X-ray crystallographic analysis of the pyrophosphate-dependent phosphofructokinase of Spirochaeta thermophilum : a thesis presented in partial fulfillment of the requirements for the degree of Master of Science in Biochemistry at Massey University, New Zealand

Abstract

The structure of a homodimeric, non-allosteric, PPᵢ.-dependent phosphofructokinase from the thermophilic bacterium Spirochaeta thermophilum has been resolved by X-ray crystallography in two distinct conformations at 2.2 (R = 0.1991 [R free = 0.2288]) and 1.85 Å (R = 0.1923 [R free = 0.2035]) resolution. The 554 residue (Mᵣ 61080 g.mol-¹) subunit, a homologue of the plant PPᵢ,-PFK β-subunit exhibits an asymmetrical quaternary structure and shares both sequence and tertiary structure with the N- and C- terminal Rossmann-like domains of prokaryotic ATP-PFKs. Spirochaeta thermophilum PPᵢ-PFK exhibits three major inserts relative to the prokaryotic ATP-PFK of E. coli, an N-terminal insert, a C-terminal insert, and an insert within the PFK C-terminal domain which forms an autonomous α-helical domain. The active site is formed at the interface of the N and C domains. The 'open' and 'closed' subunit asymmetry of the S. thermophilum PPᵢ-PFK 1.85 Å atomic model mirrors that of the B. burgdorferi PPᵢ-PFK (1KZH [Moore et al.2002]) with the exception that the two unique β-hairpins (380-390 [α16-α17] and 485-495 [β14-β15]) of subunit A are not displaced into the active site. Both subunits of the S. thermophilum PPᵢ-PFK 2.2 Å atomic model adopt an 'open', apparently inactive conformation. The conformational change involves concomitant closure of the active site of both subunits via a rigid-body displacement of the C and α- helical domains, relative to the N domain. The N domain of one subunit and the C domain of the opposing subunit can be thought of as a rigid body, therefore closure of one active site dictates closure of the other. Rotation of the small domain forces Met251 of the MGR motif to adopt an active conformation and displacement of the α-helical domain, specifically the 380-390 β-hairpin into the active site 'folds' Arg253 (MGR) into an active conformation.
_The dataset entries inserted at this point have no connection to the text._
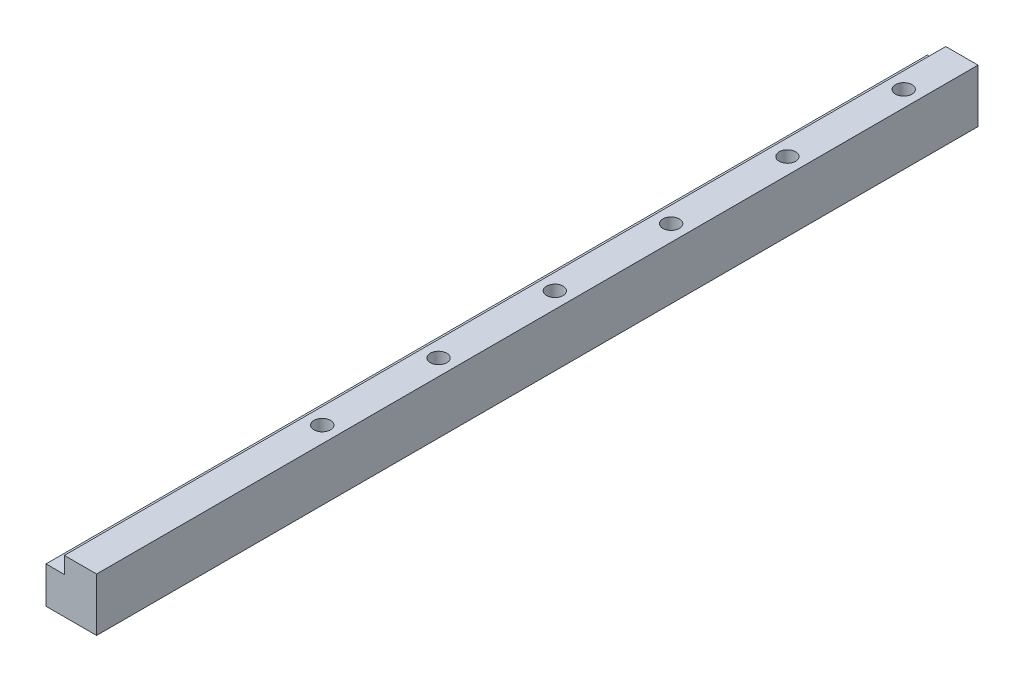
ISO-10303-21;
HEADER;
FILE_DESCRIPTION(('STEP AP214'),'2;1');
FILE_NAME('part.step','',(''),(''),'','','');
FILE_SCHEMA(('AUTOMOTIVE_DESIGN { 1 0 10303 214 1 1 1 1 }'));
ENDSEC;
DATA;
#1=APPLICATION_CONTEXT('core data for automotive mechanical design processes');
#2=APPLICATION_PROTOCOL_DEFINITION('international standard','automotive_design',2000,#1);
#3=PRODUCT_CONTEXT('',#1,'mechanical');
#4=PRODUCT('Part','Part','',(#3));
#5=PRODUCT_RELATED_PRODUCT_CATEGORY('part','',(#4));
#6=PRODUCT_DEFINITION_FORMATION('','',#4);
#7=PRODUCT_DEFINITION_CONTEXT('part definition',#1,'design');
#8=PRODUCT_DEFINITION('design','',#6,#7);
#9=PRODUCT_DEFINITION_SHAPE('','',#8);
#10=(LENGTH_UNIT() NAMED_UNIT(*) SI_UNIT(.MILLI.,.METRE.));
#11=(NAMED_UNIT(*) PLANE_ANGLE_UNIT() SI_UNIT($,.RADIAN.));
#12=(NAMED_UNIT(*) SI_UNIT($,.STERADIAN.) SOLID_ANGLE_UNIT());
#13=UNCERTAINTY_MEASURE_WITH_UNIT(LENGTH_MEASURE(1.E-05),#10,'distance_accuracy_value','');
#14=(GEOMETRIC_REPRESENTATION_CONTEXT(3) GLOBAL_UNCERTAINTY_ASSIGNED_CONTEXT((#13)) GLOBAL_UNIT_ASSIGNED_CONTEXT((#10,
#11,#12)) REPRESENTATION_CONTEXT('',''));
#15=CARTESIAN_POINT('',(0.,0.,0.));
#16=DIRECTION('',(0.,0.,1.));
#17=DIRECTION('',(1.,0.,0.));
#18=AXIS2_PLACEMENT_3D('',#15,#16,#17);
#19=CARTESIAN_POINT('',(-13.7770771845717,0.,100.));
#20=DIRECTION('',(1.,0.,0.));
#21=DIRECTION('',(0.,1.,0.));
#22=AXIS2_PLACEMENT_3D('',#19,#20,#21);
#23=PLANE('',#22);
#24=DIRECTION('',(0.,-1.,0.));
#25=VECTOR('',#24,1.);
#26=CARTESIAN_POINT('',(-13.7770771845717,0.,-100.));
#27=LINE('',#26,#25);
#28=CARTESIAN_POINT('',(-13.7770771845717,10.,-100.));
#29=VERTEX_POINT('',#28);
#30=CARTESIAN_POINT('',(-13.7770771845717,0.,-100.));
#31=VERTEX_POINT('',#30);
#32=EDGE_CURVE('E151',#29,#31,#27,.T.);
#33=ORIENTED_EDGE('',*,*,#32,.T.);
#34=DIRECTION('',(0.,0.,-1.));
#35=VECTOR('',#34,1.);
#36=CARTESIAN_POINT('',(-13.7770771845717,0.,100.));
#37=LINE('',#36,#35);
#38=CARTESIAN_POINT('',(-13.7770771845717,0.,140.));
#39=VERTEX_POINT('',#38);
#40=EDGE_CURVE('E11',#39,#31,#37,.T.);
#41=ORIENTED_EDGE('',*,*,#40,.F.);
#42=DIRECTION('',(0.,-1.,0.));
#43=VECTOR('',#42,1.);
#44=CARTESIAN_POINT('',(-13.7770771845717,10.,140.));
#45=LINE('',#44,#43);
#46=CARTESIAN_POINT('',(-13.7770771845717,10.,140.));
#47=VERTEX_POINT('',#46);
#48=EDGE_CURVE('E95',#47,#39,#45,.T.);
#49=ORIENTED_EDGE('',*,*,#48,.F.);
#50=DIRECTION('',(0.,0.,-1.));
#51=VECTOR('',#50,1.);
#52=CARTESIAN_POINT('',(-13.7770771845717,10.,100.));
#53=LINE('',#52,#51);
#54=EDGE_CURVE('E84',#47,#29,#53,.T.);
#55=ORIENTED_EDGE('',*,*,#54,.T.);
#56=EDGE_LOOP('',(#33,#41,#49,#55));
#57=FACE_BOUND('',#56,.T.);
#58=ADVANCED_FACE('F33',(#57),#23,.F.);
#59=CARTESIAN_POINT('',(0.,0.,100.));
#60=DIRECTION('',(0.,1.,0.));
#61=DIRECTION('',(0.,0.,1.));
#62=AXIS2_PLACEMENT_3D('',#59,#60,#61);
#63=PLANE('',#62);
#64=CARTESIAN_POINT('',(-4.3885385922859,0.,-84.1666666666667));
#65=DIRECTION('',(0.,1.,0.));
#66=DIRECTION('',(0.,0.,1.));
#67=AXIS2_PLACEMENT_3D('',#64,#65,#66);
#68=CIRCLE('',#67,2.25);
#69=CARTESIAN_POINT('',(-4.3885385922859,0.,-81.9166666666667));
#70=VERTEX_POINT('',#69);
#71=EDGE_CURVE('E118',#70,#70,#68,.T.);
#72=ORIENTED_EDGE('',*,*,#71,.T.);
#73=EDGE_LOOP('',(#72));
#74=FACE_BOUND('',#73,.T.);
#75=CARTESIAN_POINT('',(-4.38853859228589,0.,-52.5));
#76=DIRECTION('',(0.,1.,0.));
#77=DIRECTION('',(0.,0.,1.));
#78=AXIS2_PLACEMENT_3D('',#75,#76,#77);
#79=CIRCLE('',#78,2.25);
#80=CARTESIAN_POINT('',(-4.38853859228589,0.,-50.25));
#81=VERTEX_POINT('',#80);
#82=EDGE_CURVE('E124',#81,#81,#79,.T.);
#83=ORIENTED_EDGE('',*,*,#82,.T.);
#84=EDGE_LOOP('',(#83));
#85=FACE_BOUND('',#84,.T.);
#86=CARTESIAN_POINT('',(-4.38853859228589,0.,-20.8333333333333));
#87=DIRECTION('',(0.,1.,0.));
#88=DIRECTION('',(0.,0.,1.));
#89=AXIS2_PLACEMENT_3D('',#86,#87,#88);
#90=CIRCLE('',#89,2.25);
#91=CARTESIAN_POINT('',(-4.38853859228589,0.,-18.5833333333333));
#92=VERTEX_POINT('',#91);
#93=EDGE_CURVE('E130',#92,#92,#90,.T.);
#94=ORIENTED_EDGE('',*,*,#93,.T.);
#95=EDGE_LOOP('',(#94));
#96=FACE_BOUND('',#95,.T.);
#97=CARTESIAN_POINT('',(-4.38853859228588,0.,10.8333333333333));
#98=DIRECTION('',(0.,1.,0.));
#99=DIRECTION('',(0.,0.,1.));
#100=AXIS2_PLACEMENT_3D('',#97,#98,#99);
#101=CIRCLE('',#100,2.25);
#102=CARTESIAN_POINT('',(-4.38853859228588,0.,13.0833333333333));
#103=VERTEX_POINT('',#102);
#104=EDGE_CURVE('E136',#103,#103,#101,.T.);
#105=ORIENTED_EDGE('',*,*,#104,.T.);
#106=EDGE_LOOP('',(#105));
#107=FACE_BOUND('',#106,.T.);
#108=CARTESIAN_POINT('',(-4.38853859228588,0.,42.5));
#109=DIRECTION('',(0.,1.,0.));
#110=DIRECTION('',(0.,0.,1.));
#111=AXIS2_PLACEMENT_3D('',#108,#109,#110);
#112=CIRCLE('',#111,2.25);
#113=CARTESIAN_POINT('',(-4.38853859228588,0.,44.75));
#114=VERTEX_POINT('',#113);
#115=EDGE_CURVE('E142',#114,#114,#112,.T.);
#116=ORIENTED_EDGE('',*,*,#115,.T.);
#117=EDGE_LOOP('',(#116));
#118=FACE_BOUND('',#117,.T.);
#119=CARTESIAN_POINT('',(-4.38853859228588,0.,74.1666666666667));
#120=DIRECTION('',(0.,1.,0.));
#121=DIRECTION('',(0.,0.,1.));
#122=AXIS2_PLACEMENT_3D('',#119,#120,#121);
#123=CIRCLE('',#122,2.25);
#124=CARTESIAN_POINT('',(-4.38853859228588,0.,76.4166666666667));
#125=VERTEX_POINT('',#124);
#126=EDGE_CURVE('E148',#125,#125,#123,.T.);
#127=ORIENTED_EDGE('',*,*,#126,.T.);
#128=EDGE_LOOP('',(#127));
#129=FACE_BOUND('',#128,.T.);
#130=DIRECTION('',(1.,0.,0.));
#131=VECTOR('',#130,1.);
#132=CARTESIAN_POINT('',(0.,0.,-100.));
#133=LINE('',#132,#131);
#134=CARTESIAN_POINT('',(0.,0.,-100.));
#135=VERTEX_POINT('',#134);
#136=EDGE_CURVE('E153',#31,#135,#133,.T.);
#137=ORIENTED_EDGE('',*,*,#136,.T.);
#138=DIRECTION('',(0.,0.,-1.));
#139=VECTOR('',#138,1.);
#140=CARTESIAN_POINT('',(0.,0.,100.));
#141=LINE('',#140,#139);
#142=CARTESIAN_POINT('',(0.,0.,140.));
#143=VERTEX_POINT('',#142);
#144=EDGE_CURVE('E40',#143,#135,#141,.T.);
#145=ORIENTED_EDGE('',*,*,#144,.F.);
#146=DIRECTION('',(1.,0.,0.));
#147=VECTOR('',#146,1.);
#148=CARTESIAN_POINT('',(-13.7770771845717,0.,140.));
#149=LINE('',#148,#147);
#150=EDGE_CURVE('E99',#39,#143,#149,.T.);
#151=ORIENTED_EDGE('',*,*,#150,.F.);
#152=ORIENTED_EDGE('',*,*,#40,.T.);
#153=EDGE_LOOP('',(#137,#145,#151,#152));
#154=FACE_BOUND('',#153,.T.);
#155=ADVANCED_FACE('F189',(#74,#85,#96,#107,#118,#129,#154),#63,.F.);
#156=CARTESIAN_POINT('',(0.,14.5,100.));
#157=DIRECTION('',(-1.,0.,0.));
#158=DIRECTION('',(0.,-1.,0.));
#159=AXIS2_PLACEMENT_3D('',#156,#157,#158);
#160=PLANE('',#159);
#161=DIRECTION('',(0.,1.,0.));
#162=VECTOR('',#161,1.);
#163=CARTESIAN_POINT('',(0.,14.5,-100.));
#164=LINE('',#163,#162);
#165=CARTESIAN_POINT('',(0.,14.5,-100.));
#166=VERTEX_POINT('',#165);
#167=EDGE_CURVE('E155',#135,#166,#164,.T.);
#168=ORIENTED_EDGE('',*,*,#167,.T.);
#169=DIRECTION('',(0.,0.,-1.));
#170=VECTOR('',#169,1.);
#171=CARTESIAN_POINT('',(0.,14.5,100.));
#172=LINE('',#171,#170);
#173=CARTESIAN_POINT('',(0.,14.5,140.));
#174=VERTEX_POINT('',#173);
#175=EDGE_CURVE('E164',#174,#166,#172,.T.);
#176=ORIENTED_EDGE('',*,*,#175,.F.);
#177=DIRECTION('',(0.,1.,0.));
#178=VECTOR('',#177,1.);
#179=CARTESIAN_POINT('',(0.,0.,140.));
#180=LINE('',#179,#178);
#181=EDGE_CURVE('E109',#143,#174,#180,.T.);
#182=ORIENTED_EDGE('',*,*,#181,.F.);
#183=ORIENTED_EDGE('',*,*,#144,.T.);
#184=EDGE_LOOP('',(#168,#176,#182,#183));
#185=FACE_BOUND('',#184,.T.);
#186=ADVANCED_FACE('F170',(#185),#160,.F.);
#187=CARTESIAN_POINT('',(-8.77707718457179,14.5,100.));
#188=DIRECTION('',(0.,-1.,0.));
#189=DIRECTION('',(0.,0.,-1.));
#190=AXIS2_PLACEMENT_3D('',#187,#188,#189);
#191=PLANE('',#190);
#192=CARTESIAN_POINT('',(-4.3885385922859,14.5,-84.1666666666667));
#193=DIRECTION('',(0.,1.,0.));
#194=DIRECTION('',(0.,0.,1.));
#195=AXIS2_PLACEMENT_3D('',#192,#193,#194);
#196=CIRCLE('',#195,2.24999999999999);
#197=CARTESIAN_POINT('',(-4.3885385922859,14.5,-81.9166666666667));
#198=VERTEX_POINT('',#197);
#199=EDGE_CURVE('E115',#198,#198,#196,.T.);
#200=ORIENTED_EDGE('',*,*,#199,.F.);
#201=EDGE_LOOP('',(#200));
#202=FACE_BOUND('',#201,.T.);
#203=CARTESIAN_POINT('',(-4.38853859228589,14.5,-52.5));
#204=DIRECTION('',(0.,1.,0.));
#205=DIRECTION('',(0.,0.,1.));
#206=AXIS2_PLACEMENT_3D('',#203,#204,#205);
#207=CIRCLE('',#206,2.24999999999999);
#208=CARTESIAN_POINT('',(-4.38853859228589,14.5,-50.25));
#209=VERTEX_POINT('',#208);
#210=EDGE_CURVE('E121',#209,#209,#207,.T.);
#211=ORIENTED_EDGE('',*,*,#210,.F.);
#212=EDGE_LOOP('',(#211));
#213=FACE_BOUND('',#212,.T.);
#214=CARTESIAN_POINT('',(-4.38853859228589,14.5,-20.8333333333333));
#215=DIRECTION('',(0.,1.,0.));
#216=DIRECTION('',(0.,0.,1.));
#217=AXIS2_PLACEMENT_3D('',#214,#215,#216);
#218=CIRCLE('',#217,2.24999999999999);
#219=CARTESIAN_POINT('',(-4.38853859228589,14.5,-18.5833333333334));
#220=VERTEX_POINT('',#219);
#221=EDGE_CURVE('E127',#220,#220,#218,.T.);
#222=ORIENTED_EDGE('',*,*,#221,.F.);
#223=EDGE_LOOP('',(#222));
#224=FACE_BOUND('',#223,.T.);
#225=CARTESIAN_POINT('',(-4.38853859228588,14.5,10.8333333333333));
#226=DIRECTION('',(0.,1.,0.));
#227=DIRECTION('',(0.,0.,1.));
#228=AXIS2_PLACEMENT_3D('',#225,#226,#227);
#229=CIRCLE('',#228,2.24999999999999);
#230=CARTESIAN_POINT('',(-4.38853859228588,14.5,13.0833333333333));
#231=VERTEX_POINT('',#230);
#232=EDGE_CURVE('E133',#231,#231,#229,.T.);
#233=ORIENTED_EDGE('',*,*,#232,.F.);
#234=EDGE_LOOP('',(#233));
#235=FACE_BOUND('',#234,.T.);
#236=CARTESIAN_POINT('',(-4.38853859228588,14.5,42.5));
#237=DIRECTION('',(0.,1.,0.));
#238=DIRECTION('',(0.,0.,1.));
#239=AXIS2_PLACEMENT_3D('',#236,#237,#238);
#240=CIRCLE('',#239,2.24999999999999);
#241=CARTESIAN_POINT('',(-4.38853859228588,14.5,44.75));
#242=VERTEX_POINT('',#241);
#243=EDGE_CURVE('E139',#242,#242,#240,.T.);
#244=ORIENTED_EDGE('',*,*,#243,.F.);
#245=EDGE_LOOP('',(#244));
#246=FACE_BOUND('',#245,.T.);
#247=CARTESIAN_POINT('',(-4.38853859228588,14.5,74.1666666666667));
#248=DIRECTION('',(0.,1.,0.));
#249=DIRECTION('',(0.,0.,1.));
#250=AXIS2_PLACEMENT_3D('',#247,#248,#249);
#251=CIRCLE('',#250,2.24999999999999);
#252=CARTESIAN_POINT('',(-4.38853859228588,14.5,76.4166666666666));
#253=VERTEX_POINT('',#252);
#254=EDGE_CURVE('E145',#253,#253,#251,.T.);
#255=ORIENTED_EDGE('',*,*,#254,.F.);
#256=EDGE_LOOP('',(#255));
#257=FACE_BOUND('',#256,.T.);
#258=DIRECTION('',(-1.,0.,0.));
#259=VECTOR('',#258,1.);
#260=CARTESIAN_POINT('',(-8.77707718457179,14.5,-100.));
#261=LINE('',#260,#259);
#262=CARTESIAN_POINT('',(-8.77707718457179,14.5,-100.));
#263=VERTEX_POINT('',#262);
#264=EDGE_CURVE('E157',#166,#263,#261,.T.);
#265=ORIENTED_EDGE('',*,*,#264,.T.);
#266=DIRECTION('',(0.,0.,-1.));
#267=VECTOR('',#266,1.);
#268=CARTESIAN_POINT('',(-8.77707718457179,14.5,100.));
#269=LINE('',#268,#267);
#270=CARTESIAN_POINT('',(-8.77707718457179,14.5,140.));
#271=VERTEX_POINT('',#270);
#272=EDGE_CURVE('E162',#271,#263,#269,.T.);
#273=ORIENTED_EDGE('',*,*,#272,.F.);
#274=DIRECTION('',(-1.,0.,0.));
#275=VECTOR('',#274,1.);
#276=CARTESIAN_POINT('',(0.,14.5,140.));
#277=LINE('',#276,#275);
#278=EDGE_CURVE('E112',#174,#271,#277,.T.);
#279=ORIENTED_EDGE('',*,*,#278,.F.);
#280=ORIENTED_EDGE('',*,*,#175,.T.);
#281=EDGE_LOOP('',(#265,#273,#279,#280));
#282=FACE_BOUND('',#281,.T.);
#283=ADVANCED_FACE('F176',(#202,#213,#224,#235,#246,#257,#282),#191,.F.);
#284=CARTESIAN_POINT('',(-8.77707718457179,10.,100.));
#285=DIRECTION('',(1.,0.,0.));
#286=DIRECTION('',(0.,1.,0.));
#287=AXIS2_PLACEMENT_3D('',#284,#285,#286);
#288=PLANE('',#287);
#289=DIRECTION('',(0.,-1.,0.));
#290=VECTOR('',#289,1.);
#291=CARTESIAN_POINT('',(-8.77707718457179,10.,-100.));
#292=LINE('',#291,#290);
#293=CARTESIAN_POINT('',(-8.77707718457179,10.,-100.));
#294=VERTEX_POINT('',#293);
#295=EDGE_CURVE('E55',#263,#294,#292,.T.);
#296=ORIENTED_EDGE('',*,*,#295,.T.);
#297=DIRECTION('',(0.,0.,-1.));
#298=VECTOR('',#297,1.);
#299=CARTESIAN_POINT('',(-8.77707718457179,10.,100.));
#300=LINE('',#299,#298);
#301=CARTESIAN_POINT('',(-8.77707718457179,10.,140.));
#302=VERTEX_POINT('',#301);
#303=EDGE_CURVE('E92',#302,#294,#300,.T.);
#304=ORIENTED_EDGE('',*,*,#303,.F.);
#305=DIRECTION('',(0.,-1.,0.));
#306=VECTOR('',#305,1.);
#307=CARTESIAN_POINT('',(-8.77707718457179,14.5,140.));
#308=LINE('',#307,#306);
#309=EDGE_CURVE('E105',#271,#302,#308,.T.);
#310=ORIENTED_EDGE('',*,*,#309,.F.);
#311=ORIENTED_EDGE('',*,*,#272,.T.);
#312=EDGE_LOOP('',(#296,#304,#310,#311));
#313=FACE_BOUND('',#312,.T.);
#314=ADVANCED_FACE('F178',(#313),#288,.F.);
#315=CARTESIAN_POINT('',(-13.7770771845717,10.,100.));
#316=DIRECTION('',(0.,-1.,0.));
#317=DIRECTION('',(0.,0.,-1.));
#318=AXIS2_PLACEMENT_3D('',#315,#316,#317);
#319=PLANE('',#318);
#320=DIRECTION('',(-1.,0.,0.));
#321=VECTOR('',#320,1.);
#322=CARTESIAN_POINT('',(-13.7770771845717,10.,-100.));
#323=LINE('',#322,#321);
#324=EDGE_CURVE('E47',#294,#29,#323,.T.);
#325=ORIENTED_EDGE('',*,*,#324,.T.);
#326=ORIENTED_EDGE('',*,*,#54,.F.);
#327=DIRECTION('',(-1.,0.,0.));
#328=VECTOR('',#327,1.);
#329=CARTESIAN_POINT('',(-8.77707718457179,10.,140.));
#330=LINE('',#329,#328);
#331=EDGE_CURVE('E88',#302,#47,#330,.T.);
#332=ORIENTED_EDGE('',*,*,#331,.F.);
#333=ORIENTED_EDGE('',*,*,#303,.T.);
#334=EDGE_LOOP('',(#325,#326,#332,#333));
#335=FACE_BOUND('',#334,.T.);
#336=ADVANCED_FACE('F86',(#335),#319,.F.);
#337=CARTESIAN_POINT('',(0.,0.,-100.));
#338=DIRECTION('',(0.,0.,-1.));
#339=DIRECTION('',(-1.,0.,0.));
#340=AXIS2_PLACEMENT_3D('',#337,#338,#339);
#341=PLANE('',#340);
#342=ORIENTED_EDGE('',*,*,#32,.F.);
#343=ORIENTED_EDGE('',*,*,#324,.F.);
#344=ORIENTED_EDGE('',*,*,#295,.F.);
#345=ORIENTED_EDGE('',*,*,#264,.F.);
#346=ORIENTED_EDGE('',*,*,#167,.F.);
#347=ORIENTED_EDGE('',*,*,#136,.F.);
#348=EDGE_LOOP('',(#342,#343,#344,#345,#346,#347));
#349=FACE_BOUND('',#348,.T.);
#350=ADVANCED_FACE('F174',(#349),#341,.T.);
#351=CARTESIAN_POINT('',(-4.38853859228588,14.5,74.1666666666667));
#352=DIRECTION('',(0.,1.,0.));
#353=DIRECTION('',(0.,0.,1.));
#354=AXIS2_PLACEMENT_3D('',#351,#352,#353);
#355=CYLINDRICAL_SURFACE('',#354,2.24999999999999);
#356=ORIENTED_EDGE('',*,*,#126,.F.);
#357=EDGE_LOOP('',(#356));
#358=FACE_BOUND('',#357,.T.);
#359=ORIENTED_EDGE('',*,*,#254,.T.);
#360=EDGE_LOOP('',(#359));
#361=FACE_BOUND('',#360,.T.);
#362=ADVANCED_FACE('F211',(#358,#361),#355,.F.);
#363=CARTESIAN_POINT('',(-4.38853859228588,14.5,42.5));
#364=DIRECTION('',(0.,1.,0.));
#365=DIRECTION('',(0.,0.,1.));
#366=AXIS2_PLACEMENT_3D('',#363,#364,#365);
#367=CYLINDRICAL_SURFACE('',#366,2.24999999999999);
#368=ORIENTED_EDGE('',*,*,#115,.F.);
#369=EDGE_LOOP('',(#368));
#370=FACE_BOUND('',#369,.T.);
#371=ORIENTED_EDGE('',*,*,#243,.T.);
#372=EDGE_LOOP('',(#371));
#373=FACE_BOUND('',#372,.T.);
#374=ADVANCED_FACE('F214',(#370,#373),#367,.F.);
#375=CARTESIAN_POINT('',(-4.38853859228588,14.5,10.8333333333333));
#376=DIRECTION('',(0.,1.,0.));
#377=DIRECTION('',(0.,0.,1.));
#378=AXIS2_PLACEMENT_3D('',#375,#376,#377);
#379=CYLINDRICAL_SURFACE('',#378,2.24999999999999);
#380=ORIENTED_EDGE('',*,*,#104,.F.);
#381=EDGE_LOOP('',(#380));
#382=FACE_BOUND('',#381,.T.);
#383=ORIENTED_EDGE('',*,*,#232,.T.);
#384=EDGE_LOOP('',(#383));
#385=FACE_BOUND('',#384,.T.);
#386=ADVANCED_FACE('F222',(#382,#385),#379,.F.);
#387=CARTESIAN_POINT('',(-4.38853859228589,14.5,-20.8333333333333));
#388=DIRECTION('',(0.,1.,0.));
#389=DIRECTION('',(0.,0.,1.));
#390=AXIS2_PLACEMENT_3D('',#387,#388,#389);
#391=CYLINDRICAL_SURFACE('',#390,2.24999999999999);
#392=ORIENTED_EDGE('',*,*,#93,.F.);
#393=EDGE_LOOP('',(#392));
#394=FACE_BOUND('',#393,.T.);
#395=ORIENTED_EDGE('',*,*,#221,.T.);
#396=EDGE_LOOP('',(#395));
#397=FACE_BOUND('',#396,.T.);
#398=ADVANCED_FACE('F229',(#394,#397),#391,.F.);
#399=CARTESIAN_POINT('',(-4.38853859228589,14.5,-52.5));
#400=DIRECTION('',(0.,1.,0.));
#401=DIRECTION('',(0.,0.,1.));
#402=AXIS2_PLACEMENT_3D('',#399,#400,#401);
#403=CYLINDRICAL_SURFACE('',#402,2.24999999999999);
#404=ORIENTED_EDGE('',*,*,#82,.F.);
#405=EDGE_LOOP('',(#404));
#406=FACE_BOUND('',#405,.T.);
#407=ORIENTED_EDGE('',*,*,#210,.T.);
#408=EDGE_LOOP('',(#407));
#409=FACE_BOUND('',#408,.T.);
#410=ADVANCED_FACE('F233',(#406,#409),#403,.F.);
#411=CARTESIAN_POINT('',(-4.3885385922859,14.5,-84.1666666666667));
#412=DIRECTION('',(0.,1.,0.));
#413=DIRECTION('',(0.,0.,1.));
#414=AXIS2_PLACEMENT_3D('',#411,#412,#413);
#415=CYLINDRICAL_SURFACE('',#414,2.24999999999999);
#416=ORIENTED_EDGE('',*,*,#71,.F.);
#417=EDGE_LOOP('',(#416));
#418=FACE_BOUND('',#417,.T.);
#419=ORIENTED_EDGE('',*,*,#199,.T.);
#420=EDGE_LOOP('',(#419));
#421=FACE_BOUND('',#420,.T.);
#422=ADVANCED_FACE('F237',(#418,#421),#415,.F.);
#423=CARTESIAN_POINT('',(0.,0.,140.));
#424=DIRECTION('',(0.,0.,1.));
#425=DIRECTION('',(1.,0.,0.));
#426=AXIS2_PLACEMENT_3D('',#423,#424,#425);
#427=PLANE('',#426);
#428=ORIENTED_EDGE('',*,*,#331,.T.);
#429=ORIENTED_EDGE('',*,*,#48,.T.);
#430=ORIENTED_EDGE('',*,*,#150,.T.);
#431=ORIENTED_EDGE('',*,*,#181,.T.);
#432=ORIENTED_EDGE('',*,*,#278,.T.);
#433=ORIENTED_EDGE('',*,*,#309,.T.);
#434=EDGE_LOOP('',(#428,#429,#430,#431,#432,#433));
#435=FACE_BOUND('',#434,.T.);
#436=ADVANCED_FACE('F102',(#435),#427,.T.);
#437=CLOSED_SHELL('',(#58,#155,#186,#283,#314,#336,#350,#362,#374,#386,#398,#410,#422,#436));
#438=MANIFOLD_SOLID_BREP('B2',#437);
#439=ADVANCED_BREP_SHAPE_REPRESENTATION('',(#18,#438),#14);
#440=SHAPE_DEFINITION_REPRESENTATION(#9,#439);
ENDSEC;
END-ISO-10303-21;

Closure of the active site, which prevents wasteful hydrolysis, involves movement of the β14-β15 β-hairpin into the active site and simultaneous rearrangement of the PPᵢ-binding GGDD motif. The conformational change of the S. thermophilum PPᵢ-PFK is surprisingly complex and unique relative to prokaryotic ATP-PFKs and involves displacement of novel structural elements. These movements change the conformation of conserved motifs at the active site and therefore function to modulate PPᵢ-dependent activity.